Our results suggest that some CBC parameters, beyond their traditional clinical applicability, may be early predictive biomarkers of ROP. Confirmation of these results may allow the integration of these biomarkers in models to calculate the risk of developing ROP. The use of biomarkers and possibly also clinical risk factors in a risk analysis system could potentially allow the development of more appropriate screening and follow-up strategies for preterm infants, depending on their risk level. It could also reduce the amount of ROP screening tests for lower-risk infants, sparing them this discomfort while also saving human resources.

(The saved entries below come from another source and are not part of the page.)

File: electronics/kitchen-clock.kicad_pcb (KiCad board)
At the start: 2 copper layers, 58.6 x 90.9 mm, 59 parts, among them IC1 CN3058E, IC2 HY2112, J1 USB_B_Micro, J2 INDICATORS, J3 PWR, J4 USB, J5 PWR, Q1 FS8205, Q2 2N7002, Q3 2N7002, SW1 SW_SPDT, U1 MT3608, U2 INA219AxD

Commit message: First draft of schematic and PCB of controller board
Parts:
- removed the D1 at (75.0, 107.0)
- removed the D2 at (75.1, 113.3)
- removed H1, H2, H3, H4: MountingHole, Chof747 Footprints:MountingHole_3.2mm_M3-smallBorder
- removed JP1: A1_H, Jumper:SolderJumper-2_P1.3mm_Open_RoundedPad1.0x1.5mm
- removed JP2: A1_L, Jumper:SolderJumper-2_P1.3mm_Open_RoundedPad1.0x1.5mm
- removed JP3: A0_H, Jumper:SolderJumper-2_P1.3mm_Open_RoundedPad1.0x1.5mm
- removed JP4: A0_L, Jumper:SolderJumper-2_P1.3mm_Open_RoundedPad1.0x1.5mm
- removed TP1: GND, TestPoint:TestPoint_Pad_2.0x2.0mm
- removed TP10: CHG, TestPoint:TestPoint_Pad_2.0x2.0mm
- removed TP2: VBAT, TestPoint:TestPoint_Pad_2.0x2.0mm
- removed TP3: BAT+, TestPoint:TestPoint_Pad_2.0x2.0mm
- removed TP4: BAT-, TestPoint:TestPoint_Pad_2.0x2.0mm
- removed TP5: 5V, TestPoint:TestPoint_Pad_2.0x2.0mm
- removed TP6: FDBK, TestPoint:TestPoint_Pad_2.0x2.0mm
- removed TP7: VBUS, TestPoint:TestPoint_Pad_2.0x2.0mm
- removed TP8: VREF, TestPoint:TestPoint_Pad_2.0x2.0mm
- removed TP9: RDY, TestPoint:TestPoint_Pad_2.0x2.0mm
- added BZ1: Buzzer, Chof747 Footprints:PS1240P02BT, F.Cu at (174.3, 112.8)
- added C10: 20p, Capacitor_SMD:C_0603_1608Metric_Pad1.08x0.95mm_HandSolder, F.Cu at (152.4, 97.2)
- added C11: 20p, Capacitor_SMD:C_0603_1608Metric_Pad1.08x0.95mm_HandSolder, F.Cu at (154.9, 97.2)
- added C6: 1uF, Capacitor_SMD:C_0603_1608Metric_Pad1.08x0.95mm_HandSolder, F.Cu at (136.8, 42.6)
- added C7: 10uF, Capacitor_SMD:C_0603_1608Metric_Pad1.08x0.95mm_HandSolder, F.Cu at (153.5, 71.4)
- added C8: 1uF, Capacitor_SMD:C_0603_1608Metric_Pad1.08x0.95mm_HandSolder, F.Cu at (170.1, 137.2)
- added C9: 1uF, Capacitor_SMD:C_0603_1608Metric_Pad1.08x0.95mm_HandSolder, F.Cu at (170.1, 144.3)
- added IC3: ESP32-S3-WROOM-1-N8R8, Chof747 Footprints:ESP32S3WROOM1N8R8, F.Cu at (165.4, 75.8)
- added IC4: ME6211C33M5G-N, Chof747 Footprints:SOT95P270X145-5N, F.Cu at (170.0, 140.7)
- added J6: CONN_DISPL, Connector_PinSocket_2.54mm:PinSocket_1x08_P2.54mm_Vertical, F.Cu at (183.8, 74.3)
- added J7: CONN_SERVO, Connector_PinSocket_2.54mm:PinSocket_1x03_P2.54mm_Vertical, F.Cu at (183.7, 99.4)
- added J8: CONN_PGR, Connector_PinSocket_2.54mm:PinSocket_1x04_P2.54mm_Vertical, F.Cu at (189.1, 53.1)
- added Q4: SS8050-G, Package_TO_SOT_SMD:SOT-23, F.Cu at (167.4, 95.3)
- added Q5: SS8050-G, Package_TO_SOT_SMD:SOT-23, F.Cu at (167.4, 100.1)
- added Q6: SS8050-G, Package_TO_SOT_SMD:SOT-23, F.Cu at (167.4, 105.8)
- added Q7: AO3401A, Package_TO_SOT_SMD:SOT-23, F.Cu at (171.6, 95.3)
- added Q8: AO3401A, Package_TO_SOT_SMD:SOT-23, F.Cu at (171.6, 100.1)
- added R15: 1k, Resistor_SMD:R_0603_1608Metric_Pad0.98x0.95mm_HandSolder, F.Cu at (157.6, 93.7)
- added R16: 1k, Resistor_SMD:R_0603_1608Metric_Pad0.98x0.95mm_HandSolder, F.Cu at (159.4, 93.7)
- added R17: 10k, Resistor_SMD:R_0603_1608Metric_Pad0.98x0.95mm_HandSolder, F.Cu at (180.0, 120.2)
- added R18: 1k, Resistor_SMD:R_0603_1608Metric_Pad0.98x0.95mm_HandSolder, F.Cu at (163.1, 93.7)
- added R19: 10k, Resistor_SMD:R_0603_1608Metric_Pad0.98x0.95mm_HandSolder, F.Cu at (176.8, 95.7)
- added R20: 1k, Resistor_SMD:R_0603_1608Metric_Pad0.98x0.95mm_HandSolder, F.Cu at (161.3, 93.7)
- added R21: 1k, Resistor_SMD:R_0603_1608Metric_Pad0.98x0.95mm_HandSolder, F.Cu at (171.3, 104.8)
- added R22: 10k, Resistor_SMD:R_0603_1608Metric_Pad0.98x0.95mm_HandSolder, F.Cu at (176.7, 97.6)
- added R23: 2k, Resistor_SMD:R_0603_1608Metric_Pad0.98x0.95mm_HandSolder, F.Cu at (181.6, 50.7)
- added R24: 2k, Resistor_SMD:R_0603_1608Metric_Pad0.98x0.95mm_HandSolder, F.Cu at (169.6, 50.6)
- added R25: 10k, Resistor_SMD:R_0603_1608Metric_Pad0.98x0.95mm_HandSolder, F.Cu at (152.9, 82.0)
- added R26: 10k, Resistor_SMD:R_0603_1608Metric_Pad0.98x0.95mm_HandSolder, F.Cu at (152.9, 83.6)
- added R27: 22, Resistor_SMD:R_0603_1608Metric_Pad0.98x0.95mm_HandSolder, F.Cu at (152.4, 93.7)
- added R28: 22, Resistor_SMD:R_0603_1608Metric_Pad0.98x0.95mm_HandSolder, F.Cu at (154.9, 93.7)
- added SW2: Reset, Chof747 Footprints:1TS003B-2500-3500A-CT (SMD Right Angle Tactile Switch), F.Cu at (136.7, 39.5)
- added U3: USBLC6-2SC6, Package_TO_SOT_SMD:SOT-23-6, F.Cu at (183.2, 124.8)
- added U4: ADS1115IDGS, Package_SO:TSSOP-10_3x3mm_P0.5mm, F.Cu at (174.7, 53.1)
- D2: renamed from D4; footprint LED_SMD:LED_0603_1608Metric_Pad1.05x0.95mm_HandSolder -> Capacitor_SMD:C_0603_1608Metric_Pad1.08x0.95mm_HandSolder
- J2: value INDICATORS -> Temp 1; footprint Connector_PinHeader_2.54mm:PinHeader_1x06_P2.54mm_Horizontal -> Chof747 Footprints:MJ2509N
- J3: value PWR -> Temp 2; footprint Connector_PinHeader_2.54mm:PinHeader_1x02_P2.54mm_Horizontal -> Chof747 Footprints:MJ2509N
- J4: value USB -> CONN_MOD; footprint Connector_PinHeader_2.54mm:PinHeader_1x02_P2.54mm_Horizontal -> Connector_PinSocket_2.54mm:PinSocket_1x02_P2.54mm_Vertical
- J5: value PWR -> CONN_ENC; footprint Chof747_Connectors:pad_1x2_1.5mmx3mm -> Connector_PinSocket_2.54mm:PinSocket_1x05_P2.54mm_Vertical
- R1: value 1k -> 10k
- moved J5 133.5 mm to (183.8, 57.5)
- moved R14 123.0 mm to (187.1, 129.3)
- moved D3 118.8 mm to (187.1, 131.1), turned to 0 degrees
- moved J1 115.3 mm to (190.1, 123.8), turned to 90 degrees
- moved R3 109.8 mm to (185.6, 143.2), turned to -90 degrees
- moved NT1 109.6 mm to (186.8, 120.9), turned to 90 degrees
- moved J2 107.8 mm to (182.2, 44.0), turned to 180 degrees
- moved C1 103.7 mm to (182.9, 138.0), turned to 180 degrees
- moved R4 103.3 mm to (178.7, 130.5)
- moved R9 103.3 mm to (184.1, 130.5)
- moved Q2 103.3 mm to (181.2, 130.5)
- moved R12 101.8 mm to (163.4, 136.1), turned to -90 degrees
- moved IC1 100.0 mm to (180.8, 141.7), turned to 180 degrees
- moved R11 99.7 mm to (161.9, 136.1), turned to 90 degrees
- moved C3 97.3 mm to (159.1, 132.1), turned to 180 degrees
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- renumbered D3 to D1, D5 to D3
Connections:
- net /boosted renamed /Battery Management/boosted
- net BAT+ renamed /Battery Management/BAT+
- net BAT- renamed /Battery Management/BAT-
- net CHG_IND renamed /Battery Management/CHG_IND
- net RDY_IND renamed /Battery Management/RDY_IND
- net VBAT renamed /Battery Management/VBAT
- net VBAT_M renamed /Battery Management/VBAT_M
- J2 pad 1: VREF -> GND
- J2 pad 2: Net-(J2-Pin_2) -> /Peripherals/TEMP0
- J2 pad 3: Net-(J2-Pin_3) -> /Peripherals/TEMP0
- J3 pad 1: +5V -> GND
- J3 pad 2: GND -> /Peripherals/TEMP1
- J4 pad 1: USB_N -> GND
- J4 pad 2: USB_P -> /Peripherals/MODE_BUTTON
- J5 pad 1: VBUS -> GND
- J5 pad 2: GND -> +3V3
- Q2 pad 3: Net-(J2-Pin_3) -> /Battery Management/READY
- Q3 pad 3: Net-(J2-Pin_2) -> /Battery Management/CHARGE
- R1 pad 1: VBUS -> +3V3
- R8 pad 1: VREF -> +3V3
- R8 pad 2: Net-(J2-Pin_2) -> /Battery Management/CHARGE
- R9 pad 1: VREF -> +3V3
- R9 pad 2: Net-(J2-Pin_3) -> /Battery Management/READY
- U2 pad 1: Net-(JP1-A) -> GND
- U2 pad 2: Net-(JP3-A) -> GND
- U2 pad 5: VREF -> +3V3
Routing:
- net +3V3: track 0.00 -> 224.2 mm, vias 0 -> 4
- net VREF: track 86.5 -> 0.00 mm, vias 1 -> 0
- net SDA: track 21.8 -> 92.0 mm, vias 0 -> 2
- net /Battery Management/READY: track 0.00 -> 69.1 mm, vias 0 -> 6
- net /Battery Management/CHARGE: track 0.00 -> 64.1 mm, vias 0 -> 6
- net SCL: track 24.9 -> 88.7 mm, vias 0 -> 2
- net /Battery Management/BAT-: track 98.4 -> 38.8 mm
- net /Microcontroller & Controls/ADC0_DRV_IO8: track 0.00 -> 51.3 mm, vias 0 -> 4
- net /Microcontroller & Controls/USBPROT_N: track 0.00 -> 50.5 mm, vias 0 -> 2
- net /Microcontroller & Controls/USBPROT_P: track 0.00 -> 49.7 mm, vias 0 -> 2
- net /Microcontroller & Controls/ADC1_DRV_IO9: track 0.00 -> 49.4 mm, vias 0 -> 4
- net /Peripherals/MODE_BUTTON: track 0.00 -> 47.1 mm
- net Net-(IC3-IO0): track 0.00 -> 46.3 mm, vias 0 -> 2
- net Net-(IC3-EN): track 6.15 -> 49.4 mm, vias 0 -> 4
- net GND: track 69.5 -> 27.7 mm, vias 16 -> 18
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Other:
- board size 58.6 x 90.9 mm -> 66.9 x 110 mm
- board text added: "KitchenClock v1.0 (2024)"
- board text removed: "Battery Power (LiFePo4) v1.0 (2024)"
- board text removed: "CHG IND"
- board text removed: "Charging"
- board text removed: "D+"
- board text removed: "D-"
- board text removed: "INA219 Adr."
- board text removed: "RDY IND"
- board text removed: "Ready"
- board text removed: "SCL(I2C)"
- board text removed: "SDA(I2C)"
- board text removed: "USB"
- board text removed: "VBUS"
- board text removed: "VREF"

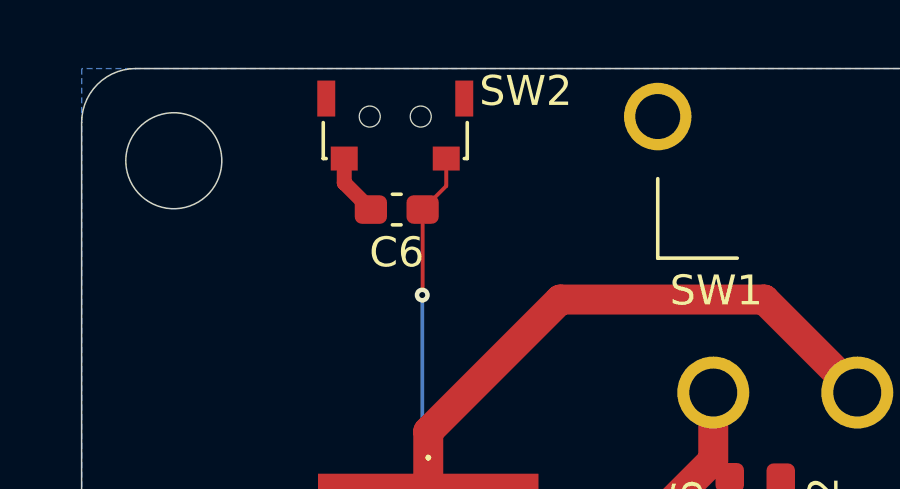
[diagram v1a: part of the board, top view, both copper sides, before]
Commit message: changed footprint of reset button
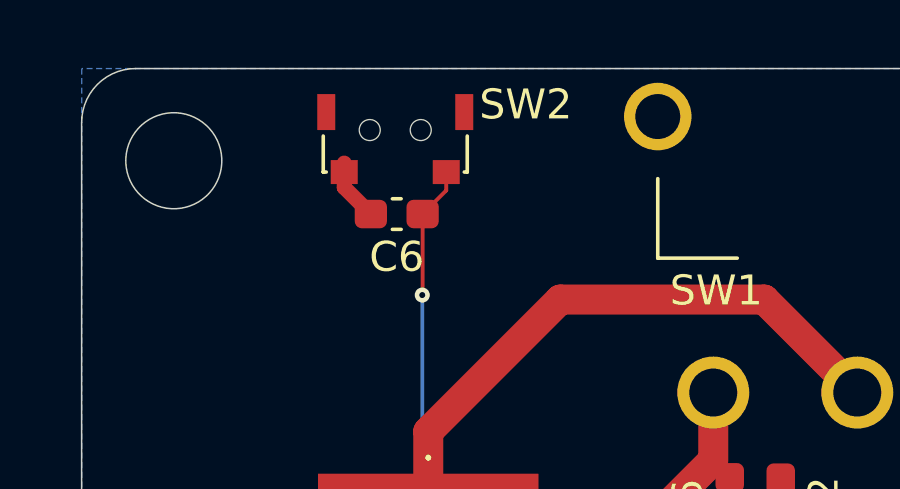
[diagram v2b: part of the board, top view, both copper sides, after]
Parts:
- moved SW2 0.45 mm to (136.7, 39.9)
- moved C6 0.15 mm to (136.8, 42.7)
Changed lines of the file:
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@@
 	(footprint "Chof747 Footprints:1TS003B-2500-3500A-CT (SMD Right Angle Tactile Switch)"
 		(layer "F.Cu")
-		(at 136.7 39.474656)
+		(at 136.7 39.924656)
 		(property "Reference" "SW2"
 			(at 4.35 -0.85 0)
@@
 		)
 		(fp_rect
-			(start -2.6 -1.6)
+			(start -2.6 -1.4)
 			(end 2.6 1.9)
 			(stroke
@@
 			(thermal_bridge_angle 45)
 		)
+		(model "${USERMODELS}/3dmodels/2x4 tactile smd switch.step"
+			(offset
+				(xyz 0 0 0)
+			)
+			(scale
+				(xyz 1 1 1)
+			)
+			(rotate
+				(xyz 0 0 0)
+			)
+		)
 	)
 	(footprint "Chof747 Footprints:MJ2509N"
@@
 	(footprint "Capacitor_SMD:C_0603_1608Metric_Pad1.08x0.95mm_HandSolder"
 		(layer "F.Cu")
-		(at 136.75 42.574656 180)
+		(at 136.75 42.724656 180)
 		(descr "Capacitor SMD 0603 (1608 Metric), square (rectangular) end terminal, IPC_7351 nominal with elongated pad for handsoldering. (Body size source: IPC-SM-782 page 76, https://www.pcb-3d.com/wordpress/wp-content/uploads/ipc-sm-782a_amendment_1_and_2.pdf), generated with kicad-footprint-generator")
 		(tags "capacitor handsolder")
@@
 	)
 	(segment
-		(start 135 40.874656)
-		(end 135 41.687156)
+		(start 135 41.024656)
+		(end 135 41.837156)
 		(width 0.5)
 		(layer "F.Cu")
@@
 	)
 	(segment
-		(start 135 41.687156)
-		(end 135.8875 42.574656)
+		(start 135 41.837156)
+		(end 135.8875 42.724656)
 		(width 0.5)
 		(layer "F.Cu")
@@
 	)
 	(segment
-		(start 137.6125 42.574656)
-		(end 138.4 41.787156)
+		(start 137.6125 42.724656)
+		(end 138.4 41.937156)
 		(width 0.13)
 		(layer "F.Cu")
@@
 	)
 	(segment
-		(start 138.4 41.787156)
-		(end 138.4 40.874656)
+		(start 138.4 41.937156)
+		(end 138.4 41.024656)
 		(width 0.13)
 		(layer "F.Cu")

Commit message: performed CRC check and fixed errors
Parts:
- D2: footprint Capacitor_SMD:C_0603_1608Metric_Pad1.08x0.95mm_HandSolder -> LED_SMD:LED_0603_1608Metric_Pad1.05x0.95mm_HandSolder
- moved D2 0.15 mm to (149.7, 52.4)
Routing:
- net /Battery Management/BAT+: track 160.8 -> 188.2 mm
- net GND: track 27.7 -> 41.9 mm, vias 18 -> 30
- net Net-(D2-A): track 0.00 -> 1.86 mm
- net Net-(D3-A): track 0.00 -> 1.77 mm
- net /Battery Management/BAT-: track 38.8 -> 40.4 mm
- net Net-(J1-Shield): track 15.0 -> 16.2 mm
- net /Microcontroller & Controls/ADC0_DRV_IO8: track 51.3 -> 51.9 mm
- net +3V3: track 224.2 -> 223.6 mm

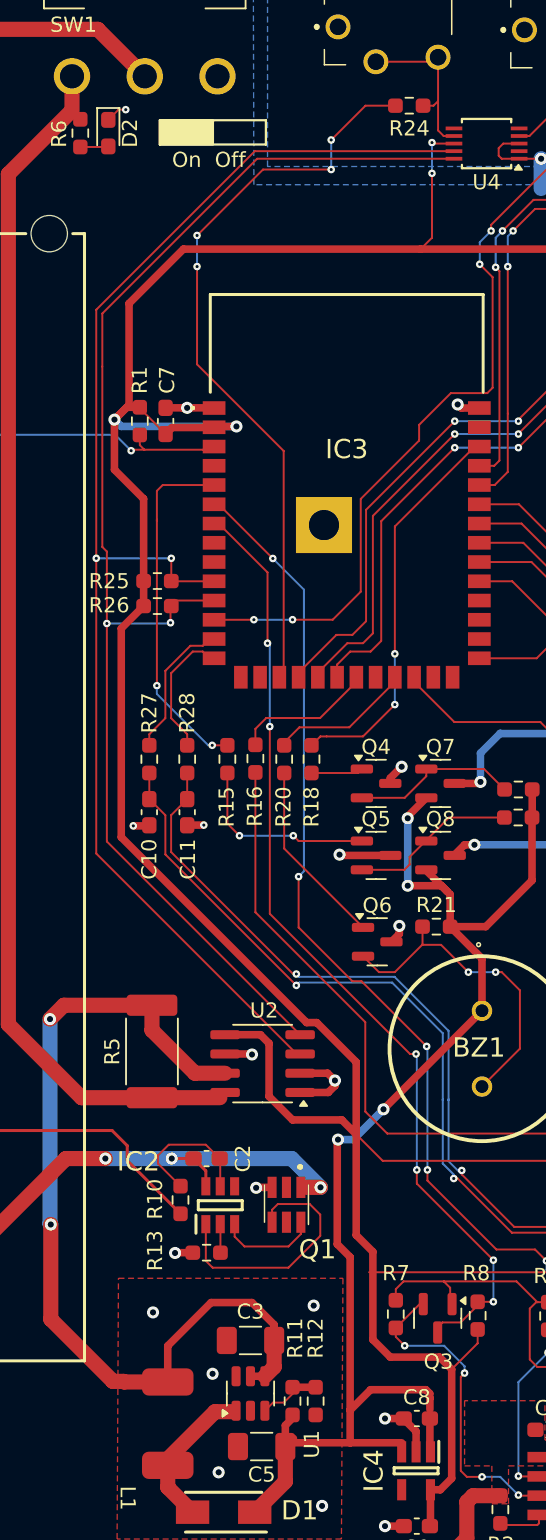
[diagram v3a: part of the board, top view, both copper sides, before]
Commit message: Performed CRC and DRC on board + corrections
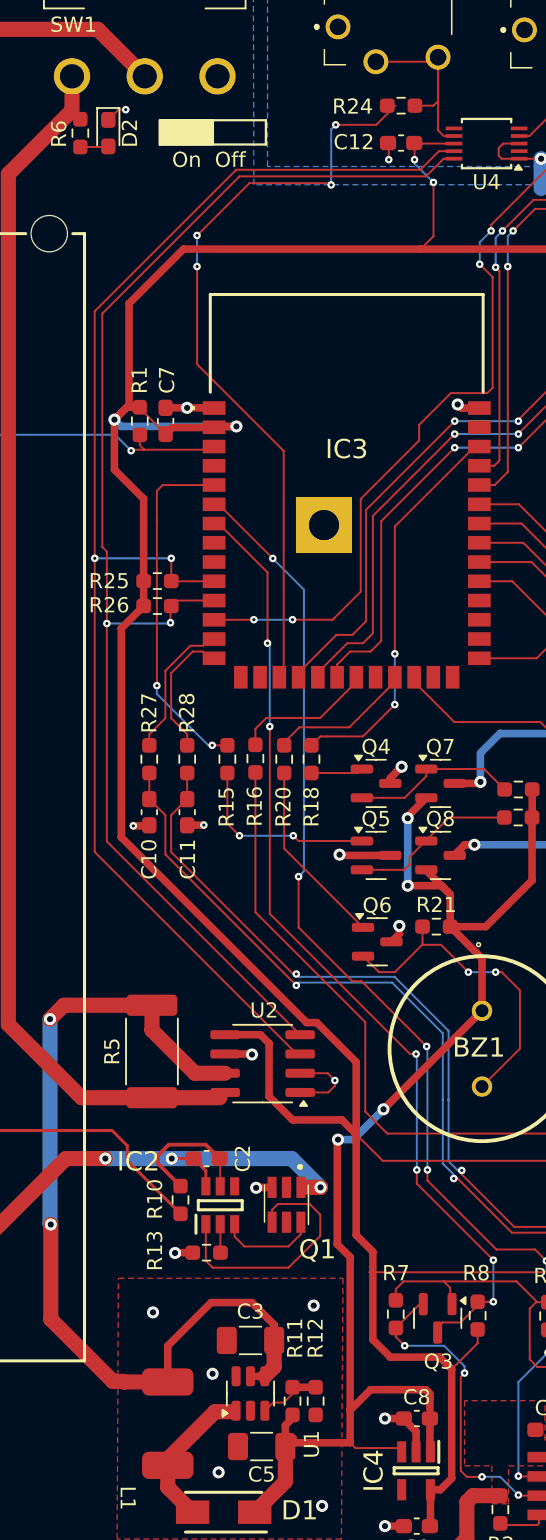
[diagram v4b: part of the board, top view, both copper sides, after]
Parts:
- added C12: 0.1uF, Capacitor_SMD:C_0603_1608Metric_Pad1.08x0.95mm_HandSolder, F.Cu at (169.0, 53.1)
- G***: footprint Chof747 Logos:LOGO small -> Chof747 Logos:LOGO large
- moved G*** 2.44 mm to (135.6, 97.5)
- moved R24 0.54 mm to (169.0, 50.6)
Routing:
- net +3V3: track 223.6 -> 225.3 mm
- net GND: track 41.9 -> 43.0 mm, vias 30 -> 31
- net /Microcontroller & Controls/ADC1_DRV_IO9: track 49.4 -> 50.5 mm
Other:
- board text added: "OK"

As limitations of this study, it should be noted that, due to its observational nature, CBCs were obtained from routine tests performed on preterm infants or from clinical indications unrelated to the study, in the first week of life, but without defined time points for their performance. Furthermore, as this is a multicenter study, the screening for ROP was performed by experienced ophthalmologists, but different for each hospital center. As such, the existence of bias due to inter-observer variability cannot be excluded.

More prospective studies with larger cohorts are needed to confirm our results.

In conclusion, we found some parameters of the CBC of the first week of life as possible major early predictive biomarkers of the development of ROP. In particular, the increase in erythroblasts, MCV, and basophils was significantly and independently associated with the development of ROP. These results are encouraging regarding the use of CBC parameters as a widely available and cost-effective screening test that could potentially be integrated into models to provide preliminary guidance to ophthalmologists and neonatologists about infants at risk of developing ROP, which is now more necessary than ever.